3.5 Effect of the Position of the Equipment Regarding the Reinforcement Direction

Specimens with a single reinforce bar of diameter 2.0 cm and 2.0 cm concrete cover positioned perpendicular to the axis of the specimen (FR) were used. Figure 8 presents the electrical resistivity results at 28 days measured over (0 cm) and parallel to the reinforcing bar (from 2 to 32 cm of distance).

Fig. 8
figure 8

Electrical resistivity of FR specimens at 28 days—parallel to the reinforcing bar

Full size image

The distance to the steel bar inside the concrete influences the electrical resistivity measurements, according to the ANOVA test. The analysis of variance was applied once again in order to detect which distance of the reinforcing bar influences the concrete electrical resistivity. Concerning specimens with single rebar of diameter 2.0 cm and 2.0 cm concrete cover, readings made by positioning the Wenner probe parallel to the reinforcement were no longer influenced by the conductivity of the steel at a minimum distance of 8.0 cm. All measurements taken at lower distances were affected by the conductivity of the steel. Thus, the obtained data allows recommending the minimum distance of 8.0 cm parallel to the steel bar to avoid its influence on the resistivity measurement.

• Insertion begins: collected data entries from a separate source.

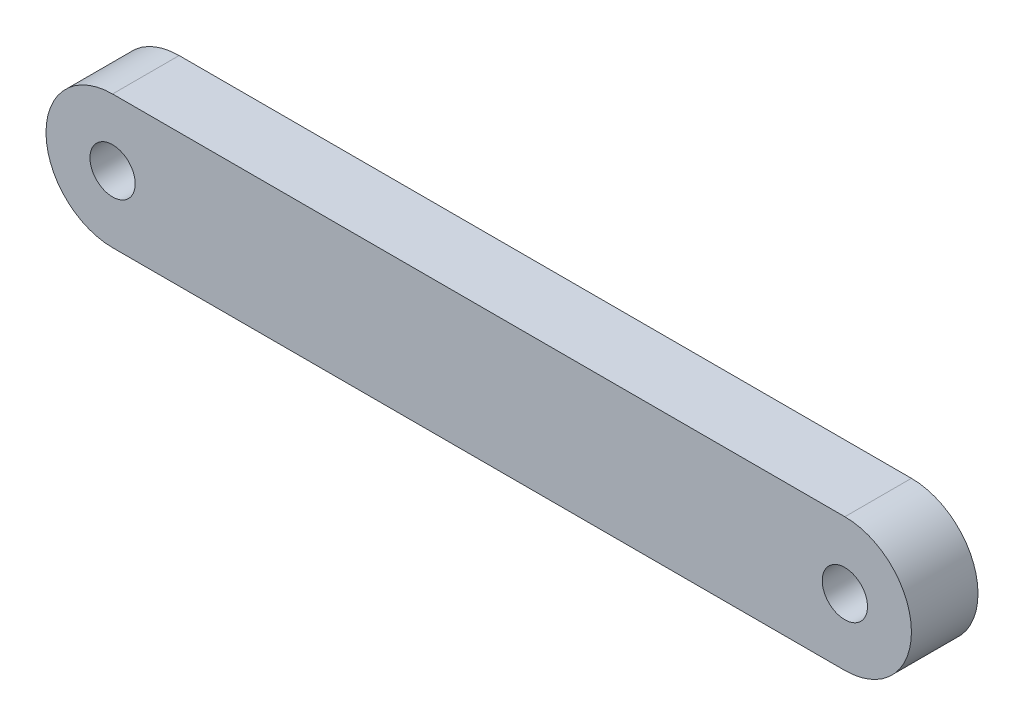
ISO-10303-21;
HEADER;
FILE_DESCRIPTION(('STEP AP214'),'2;1');
FILE_NAME('part.step','',(''),(''),'','','');
FILE_SCHEMA(('AUTOMOTIVE_DESIGN { 1 0 10303 214 1 1 1 1 }'));
ENDSEC;
DATA;
#1=APPLICATION_CONTEXT('core data for automotive mechanical design processes');
#2=APPLICATION_PROTOCOL_DEFINITION('international standard','automotive_design',2000,#1);
#3=PRODUCT_CONTEXT('',#1,'mechanical');
#4=PRODUCT('Part','Part','',(#3));
#5=PRODUCT_RELATED_PRODUCT_CATEGORY('part','',(#4));
#6=PRODUCT_DEFINITION_FORMATION('','',#4);
#7=PRODUCT_DEFINITION_CONTEXT('part definition',#1,'design');
#8=PRODUCT_DEFINITION('design','',#6,#7);
#9=PRODUCT_DEFINITION_SHAPE('','',#8);
#10=(LENGTH_UNIT() NAMED_UNIT(*) SI_UNIT(.MILLI.,.METRE.));
#11=(NAMED_UNIT(*) PLANE_ANGLE_UNIT() SI_UNIT($,.RADIAN.));
#12=(NAMED_UNIT(*) SI_UNIT($,.STERADIAN.) SOLID_ANGLE_UNIT());
#13=UNCERTAINTY_MEASURE_WITH_UNIT(LENGTH_MEASURE(1.E-05),#10,'distance_accuracy_value','');
#14=(GEOMETRIC_REPRESENTATION_CONTEXT(3) GLOBAL_UNCERTAINTY_ASSIGNED_CONTEXT((#13)) GLOBAL_UNIT_ASSIGNED_CONTEXT((#10,
#11,#12)) REPRESENTATION_CONTEXT('',''));
#15=CARTESIAN_POINT('',(0.,0.,0.));
#16=DIRECTION('',(0.,0.,1.));
#17=DIRECTION('',(1.,0.,0.));
#18=AXIS2_PLACEMENT_3D('',#15,#16,#17);
#19=CARTESIAN_POINT('',(0.,0.,6.35));
#20=DIRECTION('',(0.,0.,1.));
#21=DIRECTION('',(1.,0.,0.));
#22=AXIS2_PLACEMENT_3D('',#19,#20,#21);
#23=PLANE('',#22);
#24=CARTESIAN_POINT('',(0.,0.,6.35));
#25=DIRECTION('',(0.,0.,1.));
#26=DIRECTION('',(1.,0.,0.));
#27=AXIS2_PLACEMENT_3D('',#24,#25,#26);
#28=CIRCLE('',#27,2.159);
#29=CARTESIAN_POINT('',(2.159,0.,6.35));
#30=VERTEX_POINT('',#29);
#31=EDGE_CURVE('E104',#30,#30,#28,.T.);
#32=ORIENTED_EDGE('',*,*,#31,.F.);
#33=EDGE_LOOP('',(#32));
#34=FACE_BOUND('',#33,.T.);
#35=CARTESIAN_POINT('',(0.,0.,6.35));
#36=DIRECTION('',(0.,0.,1.));
#37=DIRECTION('',(1.,0.,0.));
#38=AXIS2_PLACEMENT_3D('',#35,#36,#37);
#39=CIRCLE('',#38,6.35);
#40=CARTESIAN_POINT('',(0.,6.35,6.35));
#41=VERTEX_POINT('',#40);
#42=CARTESIAN_POINT('',(0.,-6.35,6.35));
#43=VERTEX_POINT('',#42);
#44=EDGE_CURVE('E89',#41,#43,#39,.T.);
#45=ORIENTED_EDGE('',*,*,#44,.T.);
#46=DIRECTION('',(1.,0.,0.));
#47=VECTOR('',#46,1.);
#48=CARTESIAN_POINT('',(0.,-6.35,6.35));
#49=LINE('',#48,#47);
#50=CARTESIAN_POINT('',(69.85,-6.35,6.35));
#51=VERTEX_POINT('',#50);
#52=EDGE_CURVE('E84',#43,#51,#49,.T.);
#53=ORIENTED_EDGE('',*,*,#52,.T.);
#54=CARTESIAN_POINT('',(69.85,0.,6.35));
#55=DIRECTION('',(0.,0.,1.));
#56=DIRECTION('',(1.,0.,0.));
#57=AXIS2_PLACEMENT_3D('',#54,#55,#56);
#58=CIRCLE('',#57,6.35);
#59=CARTESIAN_POINT('',(69.85,6.35,6.35));
#60=VERTEX_POINT('',#59);
#61=EDGE_CURVE('E87',#51,#60,#58,.T.);
#62=ORIENTED_EDGE('',*,*,#61,.T.);
#63=DIRECTION('',(-1.,0.,0.));
#64=VECTOR('',#63,1.);
#65=CARTESIAN_POINT('',(0.,6.35,6.35));
#66=LINE('',#65,#64);
#67=EDGE_CURVE('E54',#60,#41,#66,.T.);
#68=ORIENTED_EDGE('',*,*,#67,.T.);
#69=EDGE_LOOP('',(#45,#53,#62,#68));
#70=FACE_BOUND('',#69,.T.);
#71=CARTESIAN_POINT('',(69.85,0.,6.35));
#72=DIRECTION('',(0.,0.,1.));
#73=DIRECTION('',(1.,0.,0.));
#74=AXIS2_PLACEMENT_3D('',#71,#72,#73);
#75=CIRCLE('',#74,2.15900000000001);
#76=CARTESIAN_POINT('',(72.009,0.,6.35));
#77=VERTEX_POINT('',#76);
#78=EDGE_CURVE('E119',#77,#77,#75,.T.);
#79=ORIENTED_EDGE('',*,*,#78,.F.);
#80=EDGE_LOOP('',(#79));
#81=FACE_BOUND('',#80,.T.);
#82=ADVANCED_FACE('F37',(#34,#70,#81),#23,.T.);
#83=CARTESIAN_POINT('',(0.,0.,0.));
#84=DIRECTION('',(0.,0.,1.));
#85=DIRECTION('',(1.,0.,0.));
#86=AXIS2_PLACEMENT_3D('',#83,#84,#85);
#87=PLANE('',#86);
#88=CARTESIAN_POINT('',(0.,0.,0.));
#89=DIRECTION('',(0.,0.,1.));
#90=DIRECTION('',(1.,0.,0.));
#91=AXIS2_PLACEMENT_3D('',#88,#89,#90);
#92=CIRCLE('',#91,6.35);
#93=CARTESIAN_POINT('',(0.,6.35,0.));
#94=VERTEX_POINT('',#93);
#95=CARTESIAN_POINT('',(0.,-6.35,0.));
#96=VERTEX_POINT('',#95);
#97=EDGE_CURVE('E101',#94,#96,#92,.T.);
#98=ORIENTED_EDGE('',*,*,#97,.F.);
#99=DIRECTION('',(-1.,0.,0.));
#100=VECTOR('',#99,1.);
#101=CARTESIAN_POINT('',(0.,6.35,0.));
#102=LINE('',#101,#100);
#103=CARTESIAN_POINT('',(69.85,6.35,0.));
#104=VERTEX_POINT('',#103);
#105=EDGE_CURVE('E77',#104,#94,#102,.T.);
#106=ORIENTED_EDGE('',*,*,#105,.F.);
#107=CARTESIAN_POINT('',(69.85,0.,0.));
#108=DIRECTION('',(0.,0.,1.));
#109=DIRECTION('',(1.,0.,0.));
#110=AXIS2_PLACEMENT_3D('',#107,#108,#109);
#111=CIRCLE('',#110,6.35);
#112=CARTESIAN_POINT('',(69.85,-6.35,0.));
#113=VERTEX_POINT('',#112);
#114=EDGE_CURVE('E71',#113,#104,#111,.T.);
#115=ORIENTED_EDGE('',*,*,#114,.F.);
#116=DIRECTION('',(1.,0.,0.));
#117=VECTOR('',#116,1.);
#118=CARTESIAN_POINT('',(0.,-6.35,0.));
#119=LINE('',#118,#117);
#120=EDGE_CURVE('E93',#96,#113,#119,.T.);
#121=ORIENTED_EDGE('',*,*,#120,.F.);
#122=EDGE_LOOP('',(#98,#106,#115,#121));
#123=FACE_BOUND('',#122,.T.);
#124=CARTESIAN_POINT('',(0.,0.,0.));
#125=DIRECTION('',(0.,0.,1.));
#126=DIRECTION('',(1.,0.,0.));
#127=AXIS2_PLACEMENT_3D('',#124,#125,#126);
#128=CIRCLE('',#127,2.159);
#129=CARTESIAN_POINT('',(2.159,0.,0.));
#130=VERTEX_POINT('',#129);
#131=EDGE_CURVE('E116',#130,#130,#128,.T.);
#132=ORIENTED_EDGE('',*,*,#131,.T.);
#133=EDGE_LOOP('',(#132));
#134=FACE_BOUND('',#133,.T.);
#135=CARTESIAN_POINT('',(69.85,0.,0.));
#136=DIRECTION('',(0.,0.,1.));
#137=DIRECTION('',(1.,0.,0.));
#138=AXIS2_PLACEMENT_3D('',#135,#136,#137);
#139=CIRCLE('',#138,2.15900000000001);
#140=CARTESIAN_POINT('',(72.009,0.,0.));
#141=VERTEX_POINT('',#140);
#142=EDGE_CURVE('E122',#141,#141,#139,.T.);
#143=ORIENTED_EDGE('',*,*,#142,.T.);
#144=EDGE_LOOP('',(#143));
#145=FACE_BOUND('',#144,.T.);
#146=ADVANCED_FACE('F112',(#123,#134,#145),#87,.F.);
#147=CARTESIAN_POINT('',(0.,0.,6.35));
#148=DIRECTION('',(0.,0.,-1.));
#149=DIRECTION('',(-1.,0.,0.));
#150=AXIS2_PLACEMENT_3D('',#147,#148,#149);
#151=CYLINDRICAL_SURFACE('',#150,6.35);
#152=ORIENTED_EDGE('',*,*,#97,.T.);
#153=DIRECTION('',(0.,0.,-1.));
#154=VECTOR('',#153,1.);
#155=CARTESIAN_POINT('',(0.,-6.35,6.35));
#156=LINE('',#155,#154);
#157=EDGE_CURVE('E11',#43,#96,#156,.T.);
#158=ORIENTED_EDGE('',*,*,#157,.F.);
#159=ORIENTED_EDGE('',*,*,#44,.F.);
#160=DIRECTION('',(0.,0.,-1.));
#161=VECTOR('',#160,1.);
#162=CARTESIAN_POINT('',(0.,6.35,6.35));
#163=LINE('',#162,#161);
#164=EDGE_CURVE('E97',#41,#94,#163,.T.);
#165=ORIENTED_EDGE('',*,*,#164,.T.);
#166=EDGE_LOOP('',(#152,#158,#159,#165));
#167=FACE_BOUND('',#166,.T.);
#168=ADVANCED_FACE('F39',(#167),#151,.T.);
#169=CARTESIAN_POINT('',(0.,-6.35,6.35));
#170=DIRECTION('',(0.,1.,0.));
#171=DIRECTION('',(0.,0.,1.));
#172=AXIS2_PLACEMENT_3D('',#169,#170,#171);
#173=PLANE('',#172);
#174=ORIENTED_EDGE('',*,*,#120,.T.);
#175=DIRECTION('',(0.,0.,-1.));
#176=VECTOR('',#175,1.);
#177=CARTESIAN_POINT('',(69.85,-6.35,6.35));
#178=LINE('',#177,#176);
#179=EDGE_CURVE('E46',#51,#113,#178,.T.);
#180=ORIENTED_EDGE('',*,*,#179,.F.);
#181=ORIENTED_EDGE('',*,*,#52,.F.);
#182=ORIENTED_EDGE('',*,*,#157,.T.);
#183=EDGE_LOOP('',(#174,#180,#181,#182));
#184=FACE_BOUND('',#183,.T.);
#185=ADVANCED_FACE('F92',(#184),#173,.F.);
#186=CARTESIAN_POINT('',(69.85,0.,6.35));
#187=DIRECTION('',(0.,0.,-1.));
#188=DIRECTION('',(-1.,0.,0.));
#189=AXIS2_PLACEMENT_3D('',#186,#187,#188);
#190=CYLINDRICAL_SURFACE('',#189,6.35);
#191=ORIENTED_EDGE('',*,*,#114,.T.);
#192=DIRECTION('',(0.,0.,-1.));
#193=VECTOR('',#192,1.);
#194=CARTESIAN_POINT('',(69.85,6.35,6.35));
#195=LINE('',#194,#193);
#196=EDGE_CURVE('E94',#60,#104,#195,.T.);
#197=ORIENTED_EDGE('',*,*,#196,.F.);
#198=ORIENTED_EDGE('',*,*,#61,.F.);
#199=ORIENTED_EDGE('',*,*,#179,.T.);
#200=EDGE_LOOP('',(#191,#197,#198,#199));
#201=FACE_BOUND('',#200,.T.);
#202=ADVANCED_FACE('F95',(#201),#190,.T.);
#203=CARTESIAN_POINT('',(0.,6.35,6.35));
#204=DIRECTION('',(0.,-1.,0.));
#205=DIRECTION('',(0.,0.,-1.));
#206=AXIS2_PLACEMENT_3D('',#203,#204,#205);
#207=PLANE('',#206);
#208=ORIENTED_EDGE('',*,*,#105,.T.);
#209=ORIENTED_EDGE('',*,*,#164,.F.);
#210=ORIENTED_EDGE('',*,*,#67,.F.);
#211=ORIENTED_EDGE('',*,*,#196,.T.);
#212=EDGE_LOOP('',(#208,#209,#210,#211));
#213=FACE_BOUND('',#212,.T.);
#214=ADVANCED_FACE('F109',(#213),#207,.F.);
#215=CARTESIAN_POINT('',(0.,0.,6.35));
#216=DIRECTION('',(0.,0.,-1.));
#217=DIRECTION('',(-1.,0.,0.));
#218=AXIS2_PLACEMENT_3D('',#215,#216,#217);
#219=CYLINDRICAL_SURFACE('',#218,2.159);
#220=ORIENTED_EDGE('',*,*,#31,.T.);
#221=EDGE_LOOP('',(#220));
#222=FACE_BOUND('',#221,.T.);
#223=ORIENTED_EDGE('',*,*,#131,.F.);
#224=EDGE_LOOP('',(#223));
#225=FACE_BOUND('',#224,.T.);
#226=ADVANCED_FACE('F139',(#222,#225),#219,.F.);
#227=CARTESIAN_POINT('',(69.85,0.,6.35));
#228=DIRECTION('',(0.,0.,-1.));
#229=DIRECTION('',(-1.,0.,0.));
#230=AXIS2_PLACEMENT_3D('',#227,#228,#229);
#231=CYLINDRICAL_SURFACE('',#230,2.15900000000001);
#232=ORIENTED_EDGE('',*,*,#78,.T.);
#233=EDGE_LOOP('',(#232));
#234=FACE_BOUND('',#233,.T.);
#235=ORIENTED_EDGE('',*,*,#142,.F.);
#236=EDGE_LOOP('',(#235));
#237=FACE_BOUND('',#236,.T.);
#238=ADVANCED_FACE('F128',(#234,#237),#231,.F.);
#239=CLOSED_SHELL('',(#82,#146,#168,#185,#202,#214,#226,#238));
#240=MANIFOLD_SOLID_BREP('B2',#239);
#241=ADVANCED_BREP_SHAPE_REPRESENTATION('',(#18,#240),#14);
#242=SHAPE_DEFINITION_REPRESENTATION(#9,#241);
ENDSEC;
END-ISO-10303-21;

Figure 9 shows the electrical resistivity measurements perpendicular to the reinforcing bar of FR specimens.

Fig. 9
figure 9

Electrical resistivity of FR specimens at 28 days—perpendicular to the reinforcing bar

Full size image

The analysis of variance showed that measures of electrical resistivity performed perpendicular to a steel bar were not affected by the conductivity of the reinforcement. Thus, resistivity tests performed perpendicularly to the rebar do not present variations that disturb its results in the conditions tested in this article.

4 Conclusions

This article observed the effect of six parameters on the electrical resistivity measurements. The studied parameters were (1) the thickness of the concrete cover; (2) the contact with the concrete mold; (3) the concrete aging; (4) the chloride presence; (5) the type of cure and exposure; and (6) the position of the equipment regarding the reinforcement direction. Aged non-reinforced concrete specimens (5 years old) and freshly casted specimens were tested. Based on the results obtained, it was possible to draw the following conclusions:

  1. (1)

    The electrical resistivity values measured for the coverings of 1.5 cm and 2.0 cm indicated very high corrosion probability, independently of the w/c ratio. However, the electrical resistivity values indicated a moderate probability of corrosion for the covering of 3.0 cm. Therefore, the variation of the concrete cover thickness can affect the measurements and must be taken into account when monitoring a concrete structure.

  2. (2)

    The electrical resistivity is independent of the face of the concrete element.

  3. (3)

    The variability of electrical resistivity is a function of the time (hydration of the cement). It was possible to distinguish the tendency of stabilization of the values for concrete with blast furnace slag Portland cement after 120 days.

  4. (4)

    There was no significant influence on the electrical resistivity coming from the addition of 3% of chlorides to the concrete mass for measurements at 28 days. The results are contradictory with some outcomes from the literature and deserve to be better studied.

  5. (5)

    The average electrical resistivity of concrete curing in a moist chamber was greater than the value obtained from specimens aging in an external environment without controlled curing.

  6. (6)

    Electrical resistivity measured parallel to the reinforcement was no longer influenced by the conductivity of the steel at a minimum distance of 8.0 cm. Also, the electrical resistivity performed perpendicular to a steel bar was not affected by the conductivity of the reinforcement. This is valid for the conditions adopted in this article (concrete specimens with single rebar with 2.0 cm of diameter and 2.0 cm of concrete cover).

  7. (7)

    It is recommended that all of these conclusions be taken into account when carrying out electrical resistivity measurements on real concrete structures. This will make it possible to issue a more accurate diagnosis of the structure's durability condition.